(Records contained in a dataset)

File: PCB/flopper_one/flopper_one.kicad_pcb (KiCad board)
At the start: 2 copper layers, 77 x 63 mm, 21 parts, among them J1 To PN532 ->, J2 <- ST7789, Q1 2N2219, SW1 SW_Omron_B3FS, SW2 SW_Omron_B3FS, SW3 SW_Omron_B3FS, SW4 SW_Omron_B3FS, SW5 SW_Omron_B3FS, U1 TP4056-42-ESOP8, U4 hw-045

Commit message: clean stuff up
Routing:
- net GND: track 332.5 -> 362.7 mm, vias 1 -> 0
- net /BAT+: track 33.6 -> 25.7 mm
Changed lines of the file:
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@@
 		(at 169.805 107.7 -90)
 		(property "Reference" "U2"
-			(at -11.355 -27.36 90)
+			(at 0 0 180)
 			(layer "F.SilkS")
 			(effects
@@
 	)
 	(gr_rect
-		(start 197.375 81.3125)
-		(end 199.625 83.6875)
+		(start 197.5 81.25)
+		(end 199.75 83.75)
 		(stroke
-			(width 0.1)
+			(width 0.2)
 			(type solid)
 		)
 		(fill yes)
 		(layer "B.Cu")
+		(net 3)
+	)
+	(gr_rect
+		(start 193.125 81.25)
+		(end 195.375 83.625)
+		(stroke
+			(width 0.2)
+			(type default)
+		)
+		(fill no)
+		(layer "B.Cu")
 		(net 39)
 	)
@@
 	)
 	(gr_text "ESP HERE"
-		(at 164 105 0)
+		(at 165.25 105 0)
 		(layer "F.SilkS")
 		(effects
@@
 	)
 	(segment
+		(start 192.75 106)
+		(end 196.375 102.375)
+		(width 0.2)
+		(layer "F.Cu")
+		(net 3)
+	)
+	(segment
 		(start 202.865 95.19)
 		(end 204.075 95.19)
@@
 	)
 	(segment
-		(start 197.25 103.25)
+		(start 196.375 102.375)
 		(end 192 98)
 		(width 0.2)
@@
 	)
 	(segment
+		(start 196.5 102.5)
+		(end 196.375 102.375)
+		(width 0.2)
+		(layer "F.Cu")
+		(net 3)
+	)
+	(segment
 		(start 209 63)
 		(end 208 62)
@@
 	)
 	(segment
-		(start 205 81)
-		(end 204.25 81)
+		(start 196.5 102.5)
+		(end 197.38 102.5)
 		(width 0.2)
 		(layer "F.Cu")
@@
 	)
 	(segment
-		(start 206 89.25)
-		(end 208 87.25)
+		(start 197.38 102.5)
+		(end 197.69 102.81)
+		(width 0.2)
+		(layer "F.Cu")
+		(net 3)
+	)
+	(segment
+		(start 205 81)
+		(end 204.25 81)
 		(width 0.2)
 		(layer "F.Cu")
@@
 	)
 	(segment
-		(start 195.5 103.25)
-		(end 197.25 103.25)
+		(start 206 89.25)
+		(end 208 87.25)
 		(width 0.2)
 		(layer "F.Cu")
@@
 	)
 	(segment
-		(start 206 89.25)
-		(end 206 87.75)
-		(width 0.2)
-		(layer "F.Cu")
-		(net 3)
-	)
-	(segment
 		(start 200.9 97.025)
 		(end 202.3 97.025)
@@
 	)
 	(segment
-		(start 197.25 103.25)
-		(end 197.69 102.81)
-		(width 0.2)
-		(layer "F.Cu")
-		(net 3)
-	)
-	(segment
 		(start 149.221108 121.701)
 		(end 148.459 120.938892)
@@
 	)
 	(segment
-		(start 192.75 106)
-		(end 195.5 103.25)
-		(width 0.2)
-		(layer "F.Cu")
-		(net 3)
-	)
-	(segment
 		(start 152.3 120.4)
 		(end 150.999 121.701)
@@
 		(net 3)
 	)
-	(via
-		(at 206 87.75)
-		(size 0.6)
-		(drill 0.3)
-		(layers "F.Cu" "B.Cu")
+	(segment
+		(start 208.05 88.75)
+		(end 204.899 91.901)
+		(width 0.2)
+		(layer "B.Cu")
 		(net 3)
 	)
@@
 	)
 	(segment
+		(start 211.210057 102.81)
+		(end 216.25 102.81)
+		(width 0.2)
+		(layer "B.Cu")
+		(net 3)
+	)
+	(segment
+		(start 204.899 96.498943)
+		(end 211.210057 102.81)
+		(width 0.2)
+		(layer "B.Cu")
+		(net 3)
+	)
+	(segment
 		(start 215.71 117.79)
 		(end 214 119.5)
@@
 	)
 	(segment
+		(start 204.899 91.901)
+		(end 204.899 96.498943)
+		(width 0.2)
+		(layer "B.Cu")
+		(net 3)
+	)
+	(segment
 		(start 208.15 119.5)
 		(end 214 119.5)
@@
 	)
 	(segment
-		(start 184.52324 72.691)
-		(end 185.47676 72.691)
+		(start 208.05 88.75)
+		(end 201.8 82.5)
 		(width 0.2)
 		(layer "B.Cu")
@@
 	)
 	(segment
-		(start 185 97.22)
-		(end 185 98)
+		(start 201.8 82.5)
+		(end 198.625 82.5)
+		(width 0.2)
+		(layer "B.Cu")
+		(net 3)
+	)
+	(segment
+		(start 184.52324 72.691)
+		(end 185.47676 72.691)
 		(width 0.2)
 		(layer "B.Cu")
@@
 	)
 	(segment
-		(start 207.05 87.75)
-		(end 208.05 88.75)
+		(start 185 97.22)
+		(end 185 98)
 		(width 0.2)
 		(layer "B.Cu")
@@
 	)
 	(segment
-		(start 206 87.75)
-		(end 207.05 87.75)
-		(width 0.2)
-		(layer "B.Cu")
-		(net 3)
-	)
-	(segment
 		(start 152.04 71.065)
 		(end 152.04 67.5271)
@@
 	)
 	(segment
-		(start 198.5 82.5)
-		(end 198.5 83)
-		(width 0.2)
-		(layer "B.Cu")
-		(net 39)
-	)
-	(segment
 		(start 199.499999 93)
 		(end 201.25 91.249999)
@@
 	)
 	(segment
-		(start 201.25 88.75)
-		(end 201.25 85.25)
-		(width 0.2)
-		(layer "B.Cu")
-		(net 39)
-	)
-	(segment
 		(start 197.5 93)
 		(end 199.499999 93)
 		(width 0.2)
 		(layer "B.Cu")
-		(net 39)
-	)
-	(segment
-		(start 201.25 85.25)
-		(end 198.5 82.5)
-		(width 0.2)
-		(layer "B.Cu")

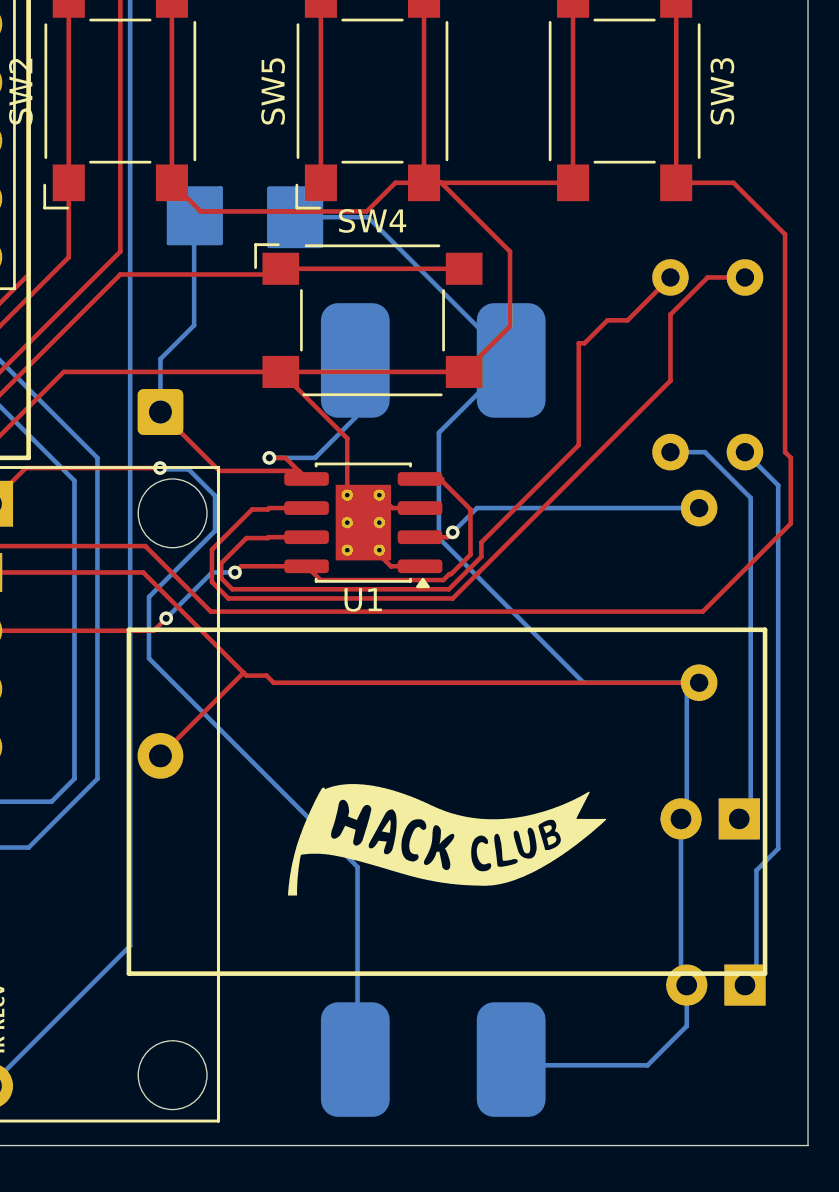
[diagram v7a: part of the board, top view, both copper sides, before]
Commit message: add nice 3d models
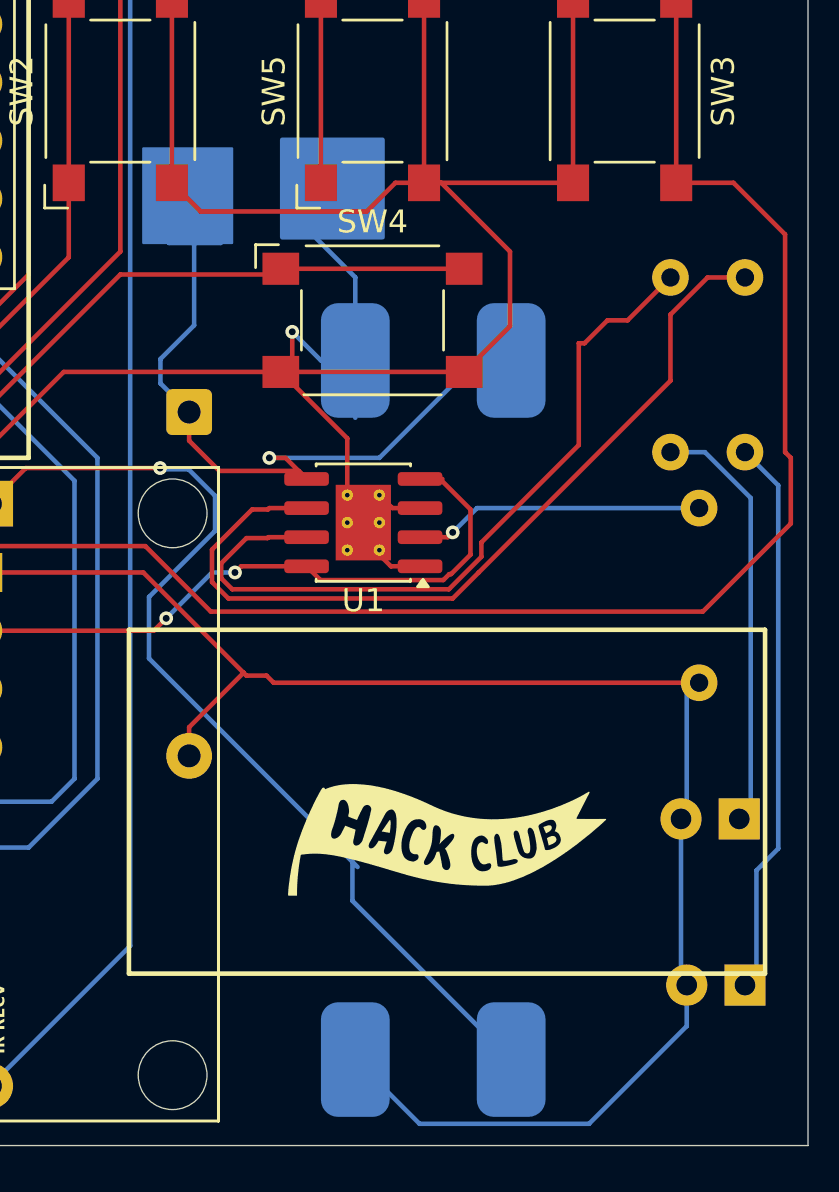
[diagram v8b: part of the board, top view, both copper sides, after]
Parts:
- moved C1 1.25 mm to (194.0, 91.0)
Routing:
- net GND: track 362.7 -> 351.3 mm, vias 0 -> 1
- net /BAT+: track 25.7 -> 31.1 mm
- net /VIN: track 40.8 -> 43.6 mm

(Task to carry out): Print the records above again exactly. Leave out the images.

(Solution to the exercise):
File: PCB/flopper_one/flopper_one.kicad_pcb (KiCad board)
At the start: 2 copper layers, 77 x 63 mm, 21 parts, among them J1 To PN532 ->, J2 <- ST7789, Q1 2N2219, SW1 SW_Omron_B3FS, SW2 SW_Omron_B3FS, SW3 SW_Omron_B3FS, SW4 SW_Omron_B3FS, SW5 SW_Omron_B3FS, U1 TP4056-42-ESOP8, U4 hw-045

Commit message: clean stuff up
Routing:
- net GND: track 332.5 -> 362.7 mm, vias 1 -> 0
- net /BAT+: track 33.6 -> 25.7 mm
Changed lines of the file:
@@
 		(at 169.805 107.7 -90)
 		(property "Reference" "U2"
-			(at -11.355 -27.36 90)
+			(at 0 0 180)
 			(layer "F.SilkS")
 			(effects
@@
 	)
 	(gr_rect
-		(start 197.375 81.3125)
-		(end 199.625 83.6875)
+		(start 197.5 81.25)
+		(end 199.75 83.75)
 		(stroke
-			(width 0.1)
+			(width 0.2)
 			(type solid)
 		)
 		(fill yes)
 		(layer "B.Cu")
+		(net 3)
+	)
+	(gr_rect
+		(start 193.125 81.25)
+		(end 195.375 83.625)
+		(stroke
+			(width 0.2)
+			(type default)
+		)
+		(fill no)
+		(layer "B.Cu")
 		(net 39)
 	)
@@
 	)
 	(gr_text "ESP HERE"
-		(at 164 105 0)
+		(at 165.25 105 0)
 		(layer "F.SilkS")
 		(effects
@@
 	)
 	(segment
+		(start 192.75 106)
+		(end 196.375 102.375)
+		(width 0.2)
+		(layer "F.Cu")
+		(net 3)
+	)
+	(segment
 		(start 202.865 95.19)
 		(end 204.075 95.19)
@@
 	)
 	(segment
-		(start 197.25 103.25)
+		(start 196.375 102.375)
 		(end 192 98)
 		(width 0.2)
@@
 	)
 	(segment
+		(start 196.5 102.5)
+		(end 196.375 102.375)
+		(width 0.2)
+		(layer "F.Cu")
+		(net 3)
+	)
+	(segment
 		(start 209 63)
 		(end 208 62)
@@
 	)
 	(segment
-		(start 205 81)
-		(end 204.25 81)
+		(start 196.5 102.5)
+		(end 197.38 102.5)
 		(width 0.2)
 		(layer "F.Cu")
@@
 	)
 	(segment
-		(start 206 89.25)
-		(end 208 87.25)
+		(start 197.38 102.5)
+		(end 197.69 102.81)
+		(width 0.2)
+		(layer "F.Cu")
+		(net 3)
+	)
+	(segment
+		(start 205 81)
+		(end 204.25 81)
 		(width 0.2)
 		(layer "F.Cu")
@@
 	)
 	(segment
-		(start 195.5 103.25)
-		(end 197.25 103.25)
+		(start 206 89.25)
+		(end 208 87.25)
 		(width 0.2)
 		(layer "F.Cu")
@@
 	)
 	(segment
-		(start 206 89.25)
-		(end 206 87.75)
-		(width 0.2)
-		(layer "F.Cu")
-		(net 3)
-	)
-	(segment
 		(start 200.9 97.025)
 		(end 202.3 97.025)
@@
 	)
 	(segment
-		(start 197.25 103.25)
-		(end 197.69 102.81)
-		(width 0.2)
-		(layer "F.Cu")
-		(net 3)
-	)
-	(segment
 		(start 149.221108 121.701)
 		(end 148.459 120.938892)
@@
 	)
 	(segment
-		(start 192.75 106)
-		(end 195.5 103.25)
-		(width 0.2)
-		(layer "F.Cu")
-		(net 3)
-	)
-	(segment
 		(start 152.3 120.4)
 		(end 150.999 121.701)
@@
 		(net 3)
 	)
-	(via
-		(at 206 87.75)
-		(size 0.6)
-		(drill 0.3)
-		(layers "F.Cu" "B.Cu")
+	(segment
+		(start 208.05 88.75)
+		(end 204.899 91.901)
+		(width 0.2)
+		(layer "B.Cu")
 		(net 3)
 	)
@@
 	)
 	(segment
+		(start 211.210057 102.81)
+		(end 216.25 102.81)
+		(width 0.2)
+		(layer "B.Cu")
+		(net 3)
+	)
+	(segment
+		(start 204.899 96.498943)
+		(end 211.210057 102.81)
+		(width 0.2)
+		(layer "B.Cu")
+		(net 3)
+	)
+	(segment
 		(start 215.71 117.79)
 		(end 214 119.5)
@@
 	)
 	(segment
+		(start 204.899 91.901)
+		(end 204.899 96.498943)
+		(width 0.2)
+		(layer "B.Cu")
+		(net 3)
+	)
+	(segment
 		(start 208.15 119.5)
 		(end 214 119.5)
@@
 	)
 	(segment
-		(start 184.52324 72.691)
-		(end 185.47676 72.691)
+		(start 208.05 88.75)
+		(end 201.8 82.5)
 		(width 0.2)
 		(layer "B.Cu")
@@
 	)
 	(segment
-		(start 185 97.22)
-		(end 185 98)
+		(start 201.8 82.5)
+		(end 198.625 82.5)
+		(width 0.2)
+		(layer "B.Cu")
+		(net 3)
+	)
+	(segment
+		(start 184.52324 72.691)
+		(end 185.47676 72.691)
 		(width 0.2)
 		(layer "B.Cu")
@@
 	)
 	(segment
-		(start 207.05 87.75)
-		(end 208.05 88.75)
+		(start 185 97.22)
+		(end 185 98)
 		(width 0.2)
 		(layer "B.Cu")
@@
 	)
 	(segment
-		(start 206 87.75)
-		(end 207.05 87.75)
-		(width 0.2)
-		(layer "B.Cu")
-		(net 3)
-	)
-	(segment
 		(start 152.04 71.065)
 		(end 152.04 67.5271)
@@
 	)
 	(segment
-		(start 198.5 82.5)
-		(end 198.5 83)
-		(width 0.2)
-		(layer "B.Cu")
-		(net 39)
-	)
-	(segment
 		(start 199.499999 93)
 		(end 201.25 91.249999)
@@
 	)
 	(segment
-		(start 201.25 88.75)
-		(end 201.25 85.25)
-		(width 0.2)
-		(layer "B.Cu")
-		(net 39)
-	)
-	(segment
 		(start 197.5 93)
 		(end 199.499999 93)
 		(width 0.2)
 		(layer "B.Cu")
-		(net 39)
-	)
-	(segment
-		(start 201.25 85.25)
-		(end 198.5 82.5)
-		(width 0.2)
-		(layer "B.Cu")

[diagram v7a: part of the board, top view, both copper sides, before]
Commit message: add nice 3d models
[diagram v8b: part of the board, top view, both copper sides, after]
Parts:
- moved C1 1.25 mm to (194.0, 91.0)
Routing:
- net GND: track 362.7 -> 351.3 mm, vias 0 -> 1
- net /BAT+: track 25.7 -> 31.1 mm
- net /VIN: track 40.8 -> 43.6 mm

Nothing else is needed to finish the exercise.